ABOUT THIS EXERCISE: An exact copy of the records is needed; please leave the images out.

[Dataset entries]
--------------------

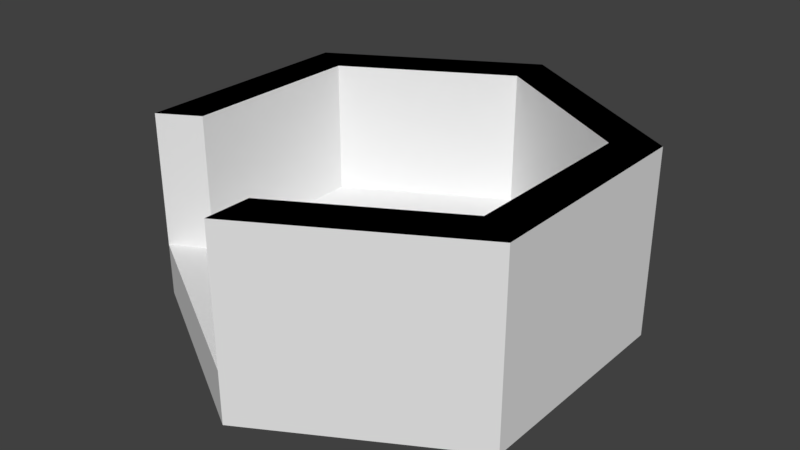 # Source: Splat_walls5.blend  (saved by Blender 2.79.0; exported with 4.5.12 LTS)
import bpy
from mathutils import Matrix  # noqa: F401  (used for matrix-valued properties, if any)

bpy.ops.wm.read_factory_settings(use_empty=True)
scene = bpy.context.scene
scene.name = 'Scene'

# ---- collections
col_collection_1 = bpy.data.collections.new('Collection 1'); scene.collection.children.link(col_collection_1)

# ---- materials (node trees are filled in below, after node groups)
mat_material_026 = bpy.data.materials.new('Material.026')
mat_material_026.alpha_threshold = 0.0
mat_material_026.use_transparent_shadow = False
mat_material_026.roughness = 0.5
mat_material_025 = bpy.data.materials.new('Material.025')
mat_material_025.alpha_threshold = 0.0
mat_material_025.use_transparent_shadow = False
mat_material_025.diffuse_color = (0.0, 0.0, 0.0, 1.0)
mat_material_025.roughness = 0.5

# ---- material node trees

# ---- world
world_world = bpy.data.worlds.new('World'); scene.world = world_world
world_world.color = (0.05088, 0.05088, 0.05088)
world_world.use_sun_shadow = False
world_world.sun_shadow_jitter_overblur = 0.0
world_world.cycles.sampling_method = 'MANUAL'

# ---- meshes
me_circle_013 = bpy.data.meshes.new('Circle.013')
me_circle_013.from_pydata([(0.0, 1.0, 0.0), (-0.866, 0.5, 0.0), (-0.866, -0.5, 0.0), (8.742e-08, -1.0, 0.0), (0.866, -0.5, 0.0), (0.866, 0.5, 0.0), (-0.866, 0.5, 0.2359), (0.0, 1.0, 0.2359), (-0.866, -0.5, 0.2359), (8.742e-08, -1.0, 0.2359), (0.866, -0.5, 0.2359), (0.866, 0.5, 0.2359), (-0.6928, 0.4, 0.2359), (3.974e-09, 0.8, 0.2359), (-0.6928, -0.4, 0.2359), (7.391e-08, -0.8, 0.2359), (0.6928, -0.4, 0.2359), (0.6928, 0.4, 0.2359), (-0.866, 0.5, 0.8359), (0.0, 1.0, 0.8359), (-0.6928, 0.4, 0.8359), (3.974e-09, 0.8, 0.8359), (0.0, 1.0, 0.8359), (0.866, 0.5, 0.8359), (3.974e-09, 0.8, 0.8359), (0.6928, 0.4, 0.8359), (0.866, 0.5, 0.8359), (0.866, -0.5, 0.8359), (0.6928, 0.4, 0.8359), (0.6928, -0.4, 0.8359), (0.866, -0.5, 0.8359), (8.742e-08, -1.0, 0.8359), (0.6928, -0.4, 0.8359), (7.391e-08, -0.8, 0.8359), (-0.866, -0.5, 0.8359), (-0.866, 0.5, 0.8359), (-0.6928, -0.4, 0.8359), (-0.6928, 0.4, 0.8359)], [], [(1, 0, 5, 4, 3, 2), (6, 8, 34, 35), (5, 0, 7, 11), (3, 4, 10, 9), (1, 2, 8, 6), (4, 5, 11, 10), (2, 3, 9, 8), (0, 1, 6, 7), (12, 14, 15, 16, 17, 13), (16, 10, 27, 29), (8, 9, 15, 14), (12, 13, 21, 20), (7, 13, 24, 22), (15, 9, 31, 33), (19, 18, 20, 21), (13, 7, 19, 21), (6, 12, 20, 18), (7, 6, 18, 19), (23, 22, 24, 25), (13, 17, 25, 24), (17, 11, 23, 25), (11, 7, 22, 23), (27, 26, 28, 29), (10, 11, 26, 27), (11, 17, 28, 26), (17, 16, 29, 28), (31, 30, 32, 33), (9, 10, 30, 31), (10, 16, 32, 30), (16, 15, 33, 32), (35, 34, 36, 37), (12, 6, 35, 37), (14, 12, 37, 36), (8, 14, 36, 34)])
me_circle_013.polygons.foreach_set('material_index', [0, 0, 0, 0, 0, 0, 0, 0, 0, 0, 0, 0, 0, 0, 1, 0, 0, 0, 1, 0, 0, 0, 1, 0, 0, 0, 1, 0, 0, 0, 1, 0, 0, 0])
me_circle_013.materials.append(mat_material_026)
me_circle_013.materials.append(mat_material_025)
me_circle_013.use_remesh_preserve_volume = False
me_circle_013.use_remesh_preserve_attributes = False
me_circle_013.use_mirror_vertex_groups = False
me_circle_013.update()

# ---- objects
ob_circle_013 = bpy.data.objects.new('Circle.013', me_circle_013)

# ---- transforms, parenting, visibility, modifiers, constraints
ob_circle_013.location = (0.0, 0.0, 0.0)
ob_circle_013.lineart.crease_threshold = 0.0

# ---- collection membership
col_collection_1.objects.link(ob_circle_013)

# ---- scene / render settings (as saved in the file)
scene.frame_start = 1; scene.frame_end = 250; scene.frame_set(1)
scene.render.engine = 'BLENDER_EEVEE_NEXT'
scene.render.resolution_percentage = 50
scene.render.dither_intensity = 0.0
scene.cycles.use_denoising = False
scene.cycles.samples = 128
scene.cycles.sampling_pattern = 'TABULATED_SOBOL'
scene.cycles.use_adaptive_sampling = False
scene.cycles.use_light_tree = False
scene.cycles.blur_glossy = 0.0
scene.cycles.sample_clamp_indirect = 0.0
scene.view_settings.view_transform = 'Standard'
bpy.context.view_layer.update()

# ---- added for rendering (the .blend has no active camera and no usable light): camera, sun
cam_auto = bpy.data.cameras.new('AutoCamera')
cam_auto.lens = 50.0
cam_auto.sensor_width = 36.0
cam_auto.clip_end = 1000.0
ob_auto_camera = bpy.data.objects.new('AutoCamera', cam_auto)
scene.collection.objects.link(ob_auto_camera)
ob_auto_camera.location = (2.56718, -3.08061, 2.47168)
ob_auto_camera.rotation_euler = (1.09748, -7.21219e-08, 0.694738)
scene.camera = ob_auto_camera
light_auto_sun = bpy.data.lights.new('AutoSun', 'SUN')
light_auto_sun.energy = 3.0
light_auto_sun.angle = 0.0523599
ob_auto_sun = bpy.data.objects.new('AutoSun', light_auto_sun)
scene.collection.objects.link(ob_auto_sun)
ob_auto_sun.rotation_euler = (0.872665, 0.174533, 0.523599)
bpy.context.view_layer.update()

--------------------

ANSWER AREA:
 # Source: Splat_walls5.blend  (saved by Blender 2.79.0; exported with 4.5.12 LTS)
import bpy
from mathutils import Matrix  # noqa: F401  (used for matrix-valued properties, if any)

bpy.ops.wm.read_factory_settings(use_empty=True)
scene = bpy.context.scene
scene.name = 'Scene'

# ---- collections
col_collection_1 = bpy.data.collections.new('Collection 1'); scene.collection.children.link(col_collection_1)

# ---- materials (node trees are filled in below, after node groups)
mat_material_026 = bpy.data.materials.new('Material.026')
mat_material_026.alpha_threshold = 0.0
mat_material_026.use_transparent_shadow = False
mat_material_026.roughness = 0.5
mat_material_025 = bpy.data.materials.new('Material.025')
mat_material_025.alpha_threshold = 0.0
mat_material_025.use_transparent_shadow = False
mat_material_025.diffuse_color = (0.0, 0.0, 0.0, 1.0)
mat_material_025.roughness = 0.5

# ---- material node trees

# ---- world
world_world = bpy.data.worlds.new('World'); scene.world = world_world
world_world.color = (0.05088, 0.05088, 0.05088)
world_world.use_sun_shadow = False
world_world.sun_shadow_jitter_overblur = 0.0
world_world.cycles.sampling_method = 'MANUAL'

# ---- meshes
me_circle_013 = bpy.data.meshes.new('Circle.013')
me_circle_013.from_pydata([(0.0, 1.0, 0.0), (-0.866, 0.5, 0.0), (-0.866, -0.5, 0.0), (8.742e-08, -1.0, 0.0), (0.866, -0.5, 0.0), (0.866, 0.5, 0.0), (-0.866, 0.5, 0.2359), (0.0, 1.0, 0.2359), (-0.866, -0.5, 0.2359), (8.742e-08, -1.0, 0.2359), (0.866, -0.5, 0.2359), (0.866, 0.5, 0.2359), (-0.6928, 0.4, 0.2359), (3.974e-09, 0.8, 0.2359), (-0.6928, -0.4, 0.2359), (7.391e-08, -0.8, 0.2359), (0.6928, -0.4, 0.2359), (0.6928, 0.4, 0.2359), (-0.866, 0.5, 0.8359), (0.0, 1.0, 0.8359), (-0.6928, 0.4, 0.8359), (3.974e-09, 0.8, 0.8359), (0.0, 1.0, 0.8359), (0.866, 0.5, 0.8359), (3.974e-09, 0.8, 0.8359), (0.6928, 0.4, 0.8359), (0.866, 0.5, 0.8359), (0.866, -0.5, 0.8359), (0.6928, 0.4, 0.8359), (0.6928, -0.4, 0.8359), (0.866, -0.5, 0.8359), (8.742e-08, -1.0, 0.8359), (0.6928, -0.4, 0.8359), (7.391e-08, -0.8, 0.8359), (-0.866, -0.5, 0.8359), (-0.866, 0.5, 0.8359), (-0.6928, -0.4, 0.8359), (-0.6928, 0.4, 0.8359)], [], [(1, 0, 5, 4, 3, 2), (6, 8, 34, 35), (5, 0, 7, 11), (3, 4, 10, 9), (1, 2, 8, 6), (4, 5, 11, 10), (2, 3, 9, 8), (0, 1, 6, 7), (12, 14, 15, 16, 17, 13), (16, 10, 27, 29), (8, 9, 15, 14), (12, 13, 21, 20), (7, 13, 24, 22), (15, 9, 31, 33), (19, 18, 20, 21), (13, 7, 19, 21), (6, 12, 20, 18), (7, 6, 18, 19), (23, 22, 24, 25), (13, 17, 25, 24), (17, 11, 23, 25), (11, 7, 22, 23), (27, 26, 28, 29), (10, 11, 26, 27), (11, 17, 28, 26), (17, 16, 29, 28), (31, 30, 32, 33), (9, 10, 30, 31), (10, 16, 32, 30), (16, 15, 33, 32), (35, 34, 36, 37), (12, 6, 35, 37), (14, 12, 37, 36), (8, 14, 36, 34)])
me_circle_013.polygons.foreach_set('material_index', [0, 0, 0, 0, 0, 0, 0, 0, 0, 0, 0, 0, 0, 0, 1, 0, 0, 0, 1, 0, 0, 0, 1, 0, 0, 0, 1, 0, 0, 0, 1, 0, 0, 0])
me_circle_013.materials.append(mat_material_026)
me_circle_013.materials.append(mat_material_025)
me_circle_013.use_remesh_preserve_volume = False
me_circle_013.use_remesh_preserve_attributes = False
me_circle_013.use_mirror_vertex_groups = False
me_circle_013.update()

# ---- objects
ob_circle_013 = bpy.data.objects.new('Circle.013', me_circle_013)

# ---- transforms, parenting, visibility, modifiers, constraints
ob_circle_013.location = (0.0, 0.0, 0.0)
ob_circle_013.lineart.crease_threshold = 0.0

# ---- collection membership
col_collection_1.objects.link(ob_circle_013)

# ---- scene / render settings (as saved in the file)
scene.frame_start = 1; scene.frame_end = 250; scene.frame_set(1)
scene.render.engine = 'BLENDER_EEVEE_NEXT'
scene.render.resolution_percentage = 50
scene.render.dither_intensity = 0.0
scene.cycles.use_denoising = False
scene.cycles.samples = 128
scene.cycles.sampling_pattern = 'TABULATED_SOBOL'
scene.cycles.use_adaptive_sampling = False
scene.cycles.use_light_tree = False
scene.cycles.blur_glossy = 0.0
scene.cycles.sample_clamp_indirect = 0.0
scene.view_settings.view_transform = 'Standard'
bpy.context.view_layer.update()

# ---- added for rendering (the .blend has no active camera and no usable light): camera, sun
cam_auto = bpy.data.cameras.new('AutoCamera')
cam_auto.lens = 50.0
cam_auto.sensor_width = 36.0
cam_auto.clip_end = 1000.0
ob_auto_camera = bpy.data.objects.new('AutoCamera', cam_auto)
scene.collection.objects.link(ob_auto_camera)
ob_auto_camera.location = (2.56718, -3.08061, 2.47168)
ob_auto_camera.rotation_euler = (1.09748, -7.21219e-08, 0.694738)
scene.camera = ob_auto_camera
light_auto_sun = bpy.data.lights.new('AutoSun', 'SUN')
light_auto_sun.energy = 3.0
light_auto_sun.angle = 0.0523599
ob_auto_sun = bpy.data.objects.new('AutoSun', light_auto_sun)
scene.collection.objects.link(ob_auto_sun)
ob_auto_sun.rotation_euler = (0.872665, 0.174533, 0.523599)
bpy.context.view_layer.update()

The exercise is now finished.